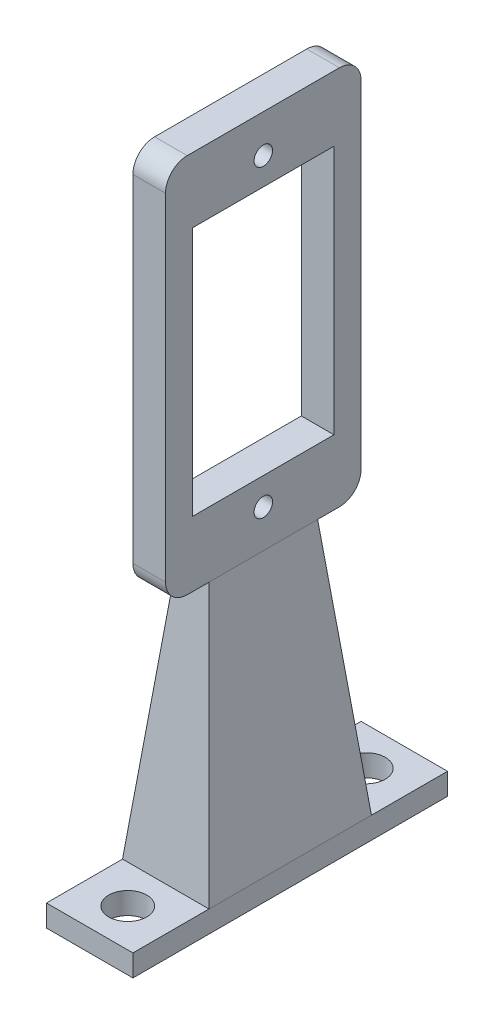
ISO-10303-21;
HEADER;
FILE_DESCRIPTION(('STEP AP214'),'2;1');
FILE_NAME('part.step','',(''),(''),'','','');
FILE_SCHEMA(('AUTOMOTIVE_DESIGN { 1 0 10303 214 1 1 1 1 }'));
ENDSEC;
DATA;
#1=APPLICATION_CONTEXT('core data for automotive mechanical design processes');
#2=APPLICATION_PROTOCOL_DEFINITION('international standard','automotive_design',2000,#1);
#3=PRODUCT_CONTEXT('',#1,'mechanical');
#4=PRODUCT('Part','Part','',(#3));
#5=PRODUCT_RELATED_PRODUCT_CATEGORY('part','',(#4));
#6=PRODUCT_DEFINITION_FORMATION('','',#4);
#7=PRODUCT_DEFINITION_CONTEXT('part definition',#1,'design');
#8=PRODUCT_DEFINITION('design','',#6,#7);
#9=PRODUCT_DEFINITION_SHAPE('','',#8);
#10=(LENGTH_UNIT() NAMED_UNIT(*) SI_UNIT(.MILLI.,.METRE.));
#11=(NAMED_UNIT(*) PLANE_ANGLE_UNIT() SI_UNIT($,.RADIAN.));
#12=(NAMED_UNIT(*) SI_UNIT($,.STERADIAN.) SOLID_ANGLE_UNIT());
#13=UNCERTAINTY_MEASURE_WITH_UNIT(LENGTH_MEASURE(1.E-05),#10,'distance_accuracy_value','');
#14=(GEOMETRIC_REPRESENTATION_CONTEXT(3) GLOBAL_UNCERTAINTY_ASSIGNED_CONTEXT((#13)) GLOBAL_UNIT_ASSIGNED_CONTEXT((#10,
#11,#12)) REPRESENTATION_CONTEXT('',''));
#15=CARTESIAN_POINT('',(0.,0.,0.));
#16=DIRECTION('',(0.,0.,1.));
#17=DIRECTION('',(1.,0.,0.));
#18=AXIS2_PLACEMENT_3D('',#15,#16,#17);
#19=CARTESIAN_POINT('',(1.5,-17.5,9.));
#20=DIRECTION('',(0.,1.,0.));
#21=DIRECTION('',(0.,0.,1.));
#22=AXIS2_PLACEMENT_3D('',#19,#20,#21);
#23=PLANE('',#22);
#24=DIRECTION('',(1.,0.,0.));
#25=VECTOR('',#24,1.);
#26=CARTESIAN_POINT('',(-1.5,-17.5,-5.));
#27=LINE('',#26,#25);
#28=CARTESIAN_POINT('',(-1.5,-17.5,-5.));
#29=VERTEX_POINT('',#28);
#30=CARTESIAN_POINT('',(1.5,-17.5,-5.));
#31=VERTEX_POINT('',#30);
#32=EDGE_CURVE('E201',#29,#31,#27,.T.);
#33=ORIENTED_EDGE('',*,*,#32,.F.);
#34=DIRECTION('',(0.,0.,-1.));
#35=VECTOR('',#34,1.);
#36=CARTESIAN_POINT('',(-1.5,-17.5,9.));
#37=LINE('',#36,#35);
#38=CARTESIAN_POINT('',(-1.5,-17.5,-7.));
#39=VERTEX_POINT('',#38);
#40=EDGE_CURVE('E302',#29,#39,#37,.T.);
#41=ORIENTED_EDGE('',*,*,#40,.T.);
#42=DIRECTION('',(-1.,0.,0.));
#43=VECTOR('',#42,1.);
#44=CARTESIAN_POINT('',(1.5,-17.5,-7.));
#45=LINE('',#44,#43);
#46=CARTESIAN_POINT('',(1.5,-17.5,-7.));
#47=VERTEX_POINT('',#46);
#48=EDGE_CURVE('E293',#39,#47,#45,.F.);
#49=ORIENTED_EDGE('',*,*,#48,.T.);
#50=DIRECTION('',(0.,0.,-1.));
#51=VECTOR('',#50,1.);
#52=CARTESIAN_POINT('',(1.5,-17.5,9.));
#53=LINE('',#52,#51);
#54=EDGE_CURVE('E47',#31,#47,#53,.T.);
#55=ORIENTED_EDGE('',*,*,#54,.F.);
#56=EDGE_LOOP('',(#33,#41,#49,#55));
#57=FACE_BOUND('',#56,.T.);
#58=ADVANCED_FACE('F32',(#57),#23,.F.);
#59=DIRECTION('',(-1.,0.,0.));
#60=VECTOR('',#59,1.);
#61=CARTESIAN_POINT('',(-1.5,-17.5,5.));
#62=LINE('',#61,#60);
#63=CARTESIAN_POINT('',(1.5,-17.5,5.));
#64=VERTEX_POINT('',#63);
#65=CARTESIAN_POINT('',(-1.5,-17.5,5.));
#66=VERTEX_POINT('',#65);
#67=EDGE_CURVE('E55',#64,#66,#62,.T.);
#68=ORIENTED_EDGE('',*,*,#67,.F.);
#69=CARTESIAN_POINT('',(1.5,-17.5,7.));
#70=VERTEX_POINT('',#69);
#71=EDGE_CURVE('E291',#70,#64,#53,.T.);
#72=ORIENTED_EDGE('',*,*,#71,.F.);
#73=DIRECTION('',(-1.,0.,0.));
#74=VECTOR('',#73,1.);
#75=CARTESIAN_POINT('',(1.5,-17.5,7.));
#76=LINE('',#75,#74);
#77=CARTESIAN_POINT('',(-1.5,-17.5,7.));
#78=VERTEX_POINT('',#77);
#79=EDGE_CURVE('E305',#70,#78,#76,.T.);
#80=ORIENTED_EDGE('',*,*,#79,.T.);
#81=EDGE_CURVE('E285',#78,#66,#37,.T.);
#82=ORIENTED_EDGE('',*,*,#81,.T.);
#83=EDGE_LOOP('',(#68,#72,#80,#82));
#84=FACE_BOUND('',#83,.T.);
#85=ADVANCED_FACE('F362',(#84),#23,.F.);
#86=CARTESIAN_POINT('',(1.5,-17.5,-9.));
#87=DIRECTION('',(0.,0.,1.));
#88=DIRECTION('',(1.,0.,0.));
#89=AXIS2_PLACEMENT_3D('',#86,#87,#88);
#90=PLANE('',#89);
#91=DIRECTION('',(0.,1.,0.));
#92=VECTOR('',#91,1.);
#93=CARTESIAN_POINT('',(1.5,-17.5,-9.));
#94=LINE('',#93,#92);
#95=CARTESIAN_POINT('',(1.5,-15.5,-9.));
#96=VERTEX_POINT('',#95);
#97=CARTESIAN_POINT('',(1.5,15.5,-9.));
#98=VERTEX_POINT('',#97);
#99=EDGE_CURVE('E281',#96,#98,#94,.T.);
#100=ORIENTED_EDGE('',*,*,#99,.F.);
#101=DIRECTION('',(-1.,0.,0.));
#102=VECTOR('',#101,1.);
#103=CARTESIAN_POINT('',(1.5,-15.5,-9.));
#104=LINE('',#103,#102);
#105=CARTESIAN_POINT('',(-1.5,-15.5,-9.));
#106=VERTEX_POINT('',#105);
#107=EDGE_CURVE('E332',#96,#106,#104,.T.);
#108=ORIENTED_EDGE('',*,*,#107,.T.);
#109=DIRECTION('',(0.,1.,0.));
#110=VECTOR('',#109,1.);
#111=CARTESIAN_POINT('',(-1.5,-17.5,-9.));
#112=LINE('',#111,#110);
#113=CARTESIAN_POINT('',(-1.5,15.5,-9.));
#114=VERTEX_POINT('',#113);
#115=EDGE_CURVE('E280',#106,#114,#112,.T.);
#116=ORIENTED_EDGE('',*,*,#115,.T.);
#117=DIRECTION('',(-1.,0.,0.));
#118=VECTOR('',#117,1.);
#119=CARTESIAN_POINT('',(1.5,15.5,-9.));
#120=LINE('',#119,#118);
#121=EDGE_CURVE('E330',#114,#98,#120,.F.);
#122=ORIENTED_EDGE('',*,*,#121,.T.);
#123=EDGE_LOOP('',(#100,#108,#116,#122));
#124=FACE_BOUND('',#123,.T.);
#125=ADVANCED_FACE('F410',(#124),#90,.F.);
#126=CARTESIAN_POINT('',(1.5,17.5,9.));
#127=DIRECTION('',(0.,-1.,0.));
#128=DIRECTION('',(0.,0.,-1.));
#129=AXIS2_PLACEMENT_3D('',#126,#127,#128);
#130=PLANE('',#129);
#131=DIRECTION('',(0.,0.,1.));
#132=VECTOR('',#131,1.);
#133=CARTESIAN_POINT('',(-1.5,17.5,9.));
#134=LINE('',#133,#132);
#135=CARTESIAN_POINT('',(-1.5,17.5,-7.));
#136=VERTEX_POINT('',#135);
#137=CARTESIAN_POINT('',(-1.5,17.5,7.));
#138=VERTEX_POINT('',#137);
#139=EDGE_CURVE('E296',#136,#138,#134,.T.);
#140=ORIENTED_EDGE('',*,*,#139,.T.);
#141=DIRECTION('',(-1.,0.,0.));
#142=VECTOR('',#141,1.);
#143=CARTESIAN_POINT('',(1.5,17.5,7.));
#144=LINE('',#143,#142);
#145=CARTESIAN_POINT('',(1.5,17.5,7.));
#146=VERTEX_POINT('',#145);
#147=EDGE_CURVE('E11',#138,#146,#144,.F.);
#148=ORIENTED_EDGE('',*,*,#147,.T.);
#149=DIRECTION('',(0.,0.,1.));
#150=VECTOR('',#149,1.);
#151=CARTESIAN_POINT('',(1.5,17.5,9.));
#152=LINE('',#151,#150);
#153=CARTESIAN_POINT('',(1.5,17.5,-7.));
#154=VERTEX_POINT('',#153);
#155=EDGE_CURVE('E284',#154,#146,#152,.T.);
#156=ORIENTED_EDGE('',*,*,#155,.F.);
#157=DIRECTION('',(-1.,0.,0.));
#158=VECTOR('',#157,1.);
#159=CARTESIAN_POINT('',(1.5,17.5,-7.));
#160=LINE('',#159,#158);
#161=EDGE_CURVE('E40',#154,#136,#160,.T.);
#162=ORIENTED_EDGE('',*,*,#161,.T.);
#163=EDGE_LOOP('',(#140,#148,#156,#162));
#164=FACE_BOUND('',#163,.T.);
#165=ADVANCED_FACE('F339',(#164),#130,.F.);
#166=CARTESIAN_POINT('',(1.5,-17.5,9.));
#167=DIRECTION('',(0.,0.,-1.));
#168=DIRECTION('',(-1.,0.,0.));
#169=AXIS2_PLACEMENT_3D('',#166,#167,#168);
#170=PLANE('',#169);
#171=DIRECTION('',(0.,-1.,0.));
#172=VECTOR('',#171,1.);
#173=CARTESIAN_POINT('',(-1.5,-17.5,9.));
#174=LINE('',#173,#172);
#175=CARTESIAN_POINT('',(-1.5,15.5,9.));
#176=VERTEX_POINT('',#175);
#177=CARTESIAN_POINT('',(-1.5,-15.5,9.));
#178=VERTEX_POINT('',#177);
#179=EDGE_CURVE('E299',#176,#178,#174,.T.);
#180=ORIENTED_EDGE('',*,*,#179,.T.);
#181=DIRECTION('',(-1.,0.,0.));
#182=VECTOR('',#181,1.);
#183=CARTESIAN_POINT('',(1.5,-15.5,9.));
#184=LINE('',#183,#182);
#185=CARTESIAN_POINT('',(1.5,-15.5,9.));
#186=VERTEX_POINT('',#185);
#187=EDGE_CURVE('E320',#178,#186,#184,.F.);
#188=ORIENTED_EDGE('',*,*,#187,.T.);
#189=DIRECTION('',(0.,-1.,0.));
#190=VECTOR('',#189,1.);
#191=CARTESIAN_POINT('',(1.5,-17.5,9.));
#192=LINE('',#191,#190);
#193=CARTESIAN_POINT('',(1.5,15.5,9.));
#194=VERTEX_POINT('',#193);
#195=EDGE_CURVE('E288',#194,#186,#192,.T.);
#196=ORIENTED_EDGE('',*,*,#195,.F.);
#197=DIRECTION('',(-1.,0.,0.));
#198=VECTOR('',#197,1.);
#199=CARTESIAN_POINT('',(1.5,15.5,9.));
#200=LINE('',#199,#198);
#201=EDGE_CURVE('E317',#194,#176,#200,.T.);
#202=ORIENTED_EDGE('',*,*,#201,.T.);
#203=EDGE_LOOP('',(#180,#188,#196,#202));
#204=FACE_BOUND('',#203,.T.);
#205=ADVANCED_FACE('F354',(#204),#170,.F.);
#206=CARTESIAN_POINT('',(1.5,0.,0.));
#207=DIRECTION('',(-1.,0.,0.));
#208=DIRECTION('',(0.,0.,1.));
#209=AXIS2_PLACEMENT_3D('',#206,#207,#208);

#####

What is asked for is an exact copy of the lines above from the one containing "#76=LINE('',#75,#74);" through the one containing "#83=EDGE_LOOP('',(#68,#72,#80,#82));", and only those.

Solved exercise –
#76=LINE('',#75,#74);
#77=CARTESIAN_POINT('',(-1.5,-17.5,7.));
#78=VERTEX_POINT('',#77);
#79=EDGE_CURVE('E305',#70,#78,#76,.T.);
#80=ORIENTED_EDGE('',*,*,#79,.T.);
#81=EDGE_CURVE('E285',#78,#66,#37,.T.);
#82=ORIENTED_EDGE('',*,*,#81,.T.);
#83=EDGE_LOOP('',(#68,#72,#80,#82));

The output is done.